Pharmaceutical packages are desired to provide not only a means of transport and brand identification but to Serve more Significant functions such as providing adequate protection and to ensure the stability of the product while in distribution and storage. Onus of maintaining a product in desired quality and quantity till it is consumed lies with packaging. A designer of packing material has to ensure that formulation in a pack will stand all the climatic conditions during its certified shelf life. Drugs and Cosmetics (Sixth amendment) Rules (1988) have given the requirement for product containers, closures, Labels and other packaging material. Generic names are to be printed prominently above brand names on the tables of medicines.

Why doctors will write Generic drugs ?

A generic drug is the basic information while studying. They do not know the brands. But when they become doctor they have been tempted to write the brands. As per medical ethics and conducts (section 1.7) while writing prescription they have to write generic drugs only.
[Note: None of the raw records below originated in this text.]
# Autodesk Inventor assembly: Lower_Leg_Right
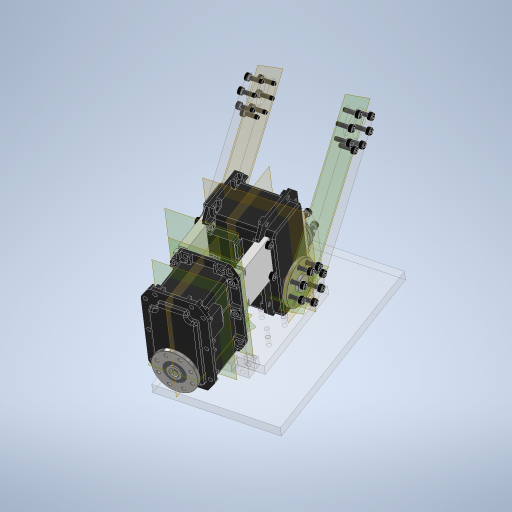
[picture p0: Inventor's stored thumbnail of the model, 512x512]
Saved by Autodesk Inventor 2024 (Build 280153000, 153)
## iProperties
Created: 2024-09-18
Part Number: Lower_Leg_Right
Document SubType Name: Assembly
Designer: Eungang
Author: Eungang
## Documents named in this file (15)
- C:\Users\Eungang\Documents\Inventor\FIGHTING_ROBOT_FINAL\부품\Lower_Leg_Right\Lower_Leg_Right.iam
- C:\Users\Eungang\Documents\Inventor\FIGHTING_ROBOT_FINAL\부품\Lower_Leg_Left\foot_2.ipt
- C:\Users\Eungang\Documents\Inventor\FIGHTING_ROBOT_FINAL\부품\Lower_Leg_Left\foot_ankle_bridge.ipt
- C:\Users\Eungang\Documents\Inventor\FIGHTING_ROBOT_FINAL\부품\Lower_Leg_Left\MX-64T.ipt
- C:\Users\Eungang\Documents\Inventor\FIGHTING_ROBOT_FINAL\부품\혼\64-106Horn.ipt
- C:\Users\Eungang\Documents\Inventor\FIGHTING_ROBOT_FINAL\부품\아이들러\64아이들러.iam
- C:\Users\Eungang\Documents\Inventor\FIGHTING_ROBOT_FINAL\부품\Lower_Leg_Left\MX-106T.ipt
- C:\Users\Eungang\Documents\Inventor\FIGHTING_ROBOT_FINAL\64-106_connect.ipt
- C:\Users\Eungang\Documents\Inventor\FIGHTING_ROBOT_FINAL\부품\Bolt_Washer_Nut\CSH-ST-M2_5-8_203.ipt
- C:\Users\Eungang\Documents\Inventor\FIGHTING_ROBOT_FINAL\부품\Bolt_Washer_Nut\SLBNR2_5.ipt
- C:\Users\Eungang\Documents\Inventor\FIGHTING_ROBOT_FINAL\calf.ipt
- C:\Users\Eungang\Documents\Inventor\FIGHTING_ROBOT_FINAL\부품\Bolt_Washer_Nut\bolt_set_2.5_8 x 7.iam
- C:\Users\Eungang\Documents\Inventor\FIGHTING_ROBOT_FINAL\부품\Lower_Leg_Left\OldVersions\bolt_set_2.5_8 x 7.iam
- C:\Users\Eungang\Documents\Inventor\FIGHTING_ROBOT_FINAL\부품\Lower_Leg_Left\foot_motor_bridge_MIR.ipt
- C:\Users\Eungang\Documents\Inventor\FIGHTING_ROBOT_FINAL\부품\Lower_Leg_Right\foot_1.ipt
## Components (35 placed, 13 different names)
1. foot_2:1 — 삽입:73, 삽입:94, 삽입:95
2. foot_ankle_bridge:2 — 삽입:72, 삽입:82
3. 64-106_connect:1 — 삽입:62, 삽입:63, 삽입:88, 삽입:89
4. bolt_set_2.5_8 x 7:1 [sub-assembly]
5. SLBNR2_5:2
6. CSH-ST-M2_5-8_203:18
7. 64-106_connect:2 — 삽입:60, 삽입:61, 삽입:64, 삽입:65
8. CSH-ST-M2_5-8_203:19
9. CSH-ST-M2_5-8_203:20
10. SLBNR2_5:5
11. SLBNR2_5:6
12. MX-106T:1 — 삽입:54, 삽입:55, 삽입:60, 삽입:61, 삽입:62, 삽입:63, 삽입:69, 삽입:70, 삽입:92, 삽입:93, 메이트:2
13. 64아이들러:2 [sub-assembly] — 삽입:55, 삽입:58, 삽입:59
14. calf:1 — 삽입:56, 삽입:57, 삽입:84, 삽입:85, 각도:2, 삽입:96, 삽입:97
15. bolt_set_2.5_8 x 7:2 [sub-assembly] — 삽입:78, 삽입:79
16. calf:2 — 삽입:58, 삽입:59, 삽입:78, 삽입:79, 삽입:86, 삽입:87, 각도:1
17. 64-106Horn:2 — 삽입:54, 삽입:56, 삽입:57
18. 64-106Horn:3 — 삽입:66, 삽입:68, 삽입:83
19. foot_ankle_bridge:3 — 삽입:68, 삽입:73, 삽입:83
20. MX-64T:1 — 삽입:64, 삽입:65, 삽입:66, 삽입:67, 삽입:80, 삽입:81, 삽입:90, 삽입:91
21. 64아이들러:3 [sub-assembly] — 삽입:67
22. foot_motor_bridge_MIR:1 — 삽입:69, 삽입:70, 삽입:71
23. 64아이들러:4 [sub-assembly] — 삽입:71, 삽입:72, 삽입:82, 메이트:2
24. CSH-ST-M2_5-8_203:21 — 삽입:81
25. CSH-ST-M2_5-8_203:22 — 삽입:80
26. bolt_set_2.5_8 x 7:3 [sub-assembly] — 삽입:86, 삽입:87
27. bolt_set_2.5_8 x 7:4 [sub-assembly] — 삽입:84, 삽입:85
28. CSH-ST-M2_5-8_203:23 — 삽입:88
29. SLBNR2_5:7 — 삽입:89
30. CSH-ST-M2_5-8_203:24 — 삽입:90
31. CSH-ST-M2_5-8_203:25 — 삽입:91
32. SLBNR2_5:8 — 삽입:92
33. SLBNR2_5:9 — 삽입:93
34. foot_1:1 — 삽입:94, 삽입:95, 각도:1, 각도:2
35. bolt_set_2.5_8 x 7:5 [sub-assembly] — 삽입:96, 삽입:97
## Relationships (53: Insert 49, Mate 2, Angle 2)
- [Mate] (0.1 mm): foot_2:1 ↔ foot_ankle_bridge:2
- [Insert]: foot_2:1 ↔ foot_ankle_bridge:2
- [Insert]: foot_ankle_bridge:2 ↔ bolt_set_2.5_8 x 7:1
- [Insert]: foot_ankle_bridge:2 ↔ bolt_set_2.5_8 x 7:1
- [Insert] (0.1 mm): 64-106_connect:1 ↔ SLBNR2_5:2
- [Insert]: 64-106_connect:1 ↔ CSH-ST-M2_5-8_203:18
- [Insert]: 64-106_connect:2 ↔ CSH-ST-M2_5-8_203:20
- [Insert]: 64-106_connect:2 ↔ CSH-ST-M2_5-8_203:19
- [Insert] (0.1 mm): 64-106_connect:2 ↔ SLBNR2_5:5
- [Insert] (0.1 mm): 64-106_connect:2 ↔ SLBNR2_5:6
- 삽입:54 [Insert] (0.5 mm): MX-106T:1 ↔ 64-106Horn:2
- 삽입:55 [Insert] (0.5 mm): MX-106T:1 ↔ 64아이들러:2
- 삽입:56 [Insert]: calf:1 ↔ 64-106Horn:2
- 삽입:57 [Insert]: calf:1 ↔ 64-106Horn:2
- 삽입:58 [Insert]: 64아이들러:2 ↔ calf:2
- 삽입:59 [Insert]: 64아이들러:2 ↔ calf:2
- 삽입:60 [Insert] (0.1 mm): 64-106_connect:2 ↔ MX-106T:1
- 삽입:61 [Insert] (0.1 mm): 64-106_connect:2 ↔ MX-106T:1
- 삽입:62 [Insert] (0.1 mm): 64-106_connect:1 ↔ MX-106T:1
- 삽입:63 [Insert] (0.1 mm): 64-106_connect:1 ↔ MX-106T:1
- 삽입:64 [Insert] (0.1 mm): 64-106_connect:2 ↔ MX-64T:1
- 삽입:65 [Insert] (0.1 mm): 64-106_connect:2 ↔ MX-64T:1
- 삽입:66 [Insert] (0.5 mm): 64-106Horn:3 ↔ MX-64T:1
- 삽입:67 [Insert] (0.5 mm): MX-64T:1 ↔ 64아이들러:3
- 삽입:68 [Insert]: 64-106Horn:3 ↔ foot_ankle_bridge:3
- 삽입:69 [Insert] (0.1 mm): MX-106T:1 ↔ foot_motor_bridge_MIR:1
- 삽입:70 [Insert] (0.1 mm): MX-106T:1 ↔ foot_motor_bridge_MIR:1
- 삽입:71 [Insert]: foot_motor_bridge_MIR:1 ↔ 64아이들러:4
- 삽입:72 [Insert]: foot_ankle_bridge:2 ↔ 64아이들러:4
- 삽입:73 [Insert] (0.1 mm): foot_2:1 ↔ foot_ankle_bridge:3
- 삽입:78 [Insert]: bolt_set_2.5_8 x 7:2 ↔ calf:2
- 삽입:79 [Insert]: bolt_set_2.5_8 x 7:2 ↔ calf:2
- 삽입:80 [Insert]: MX-64T:1 ↔ CSH-ST-M2_5-8_203:22
- 삽입:81 [Insert]: MX-64T:1 ↔ CSH-ST-M2_5-8_203:21
- 삽입:82 [Insert]: foot_ankle_bridge:2 ↔ 64아이들러:4
- 삽입:83 [Insert]: 64-106Horn:3 ↔ foot_ankle_bridge:3
- 삽입:84 [Insert]: calf:1 ↔ bolt_set_2.5_8 x 7:4
- 삽입:85 [Insert]: calf:1 ↔ bolt_set_2.5_8 x 7:4
- 삽입:86 [Insert]: calf:2 ↔ bolt_set_2.5_8 x 7:3
- 삽입:87 [Insert]: calf:2 ↔ bolt_set_2.5_8 x 7:3
- 삽입:88 [Insert]: 64-106_connect:1 ↔ CSH-ST-M2_5-8_203:23
- 삽입:89 [Insert] (0.1 mm): 64-106_connect:1 ↔ SLBNR2_5:7
- 삽입:90 [Insert]: MX-64T:1 ↔ CSH-ST-M2_5-8_203:24
- 삽입:91 [Insert]: MX-64T:1 ↔ CSH-ST-M2_5-8_203:25
- 삽입:92 [Insert]: MX-106T:1 ↔ SLBNR2_5:8
- 삽입:93 [Insert]: MX-106T:1 ↔ SLBNR2_5:9
- 메이트:2 [Mate]: MX-106T:1 ↔ 64아이들러:4
- 삽입:94 [Insert]: foot_2:1 ↔ foot_1:1
- 삽입:95 [Insert]: foot_2:1 ↔ foot_1:1
- 각도:1 [Angle] (135 deg): calf:2 ↔ foot_1:1
- 각도:2 [Angle] (225 deg): calf:1 ↔ foot_1:1
- 삽입:96 [Insert]: calf:1 ↔ bolt_set_2.5_8 x 7:5
- 삽입:97 [Insert]: calf:1 ↔ bolt_set_2.5_8 x 7:5
## Named parameters: d0_d3 = 0.1 mm, d1_d4 = 0 mm

Any threat from existing medicals or Medical Association ?

No. Very important thing we have to consider here that almost 95% medicals are attached to the doctors. Whenever there is an emergency, the patient will not search for Swast Aushadhi Seva. He will go to the doctor and the medical for treatment. As well as generally doctors are writing advance molecule drugs which are not available in Generic, SO they do not need to worry. As well as government is continuously taking follow up for opening new Generic medicine store which is the prime objective of Central and State Government. So we need not worry about it.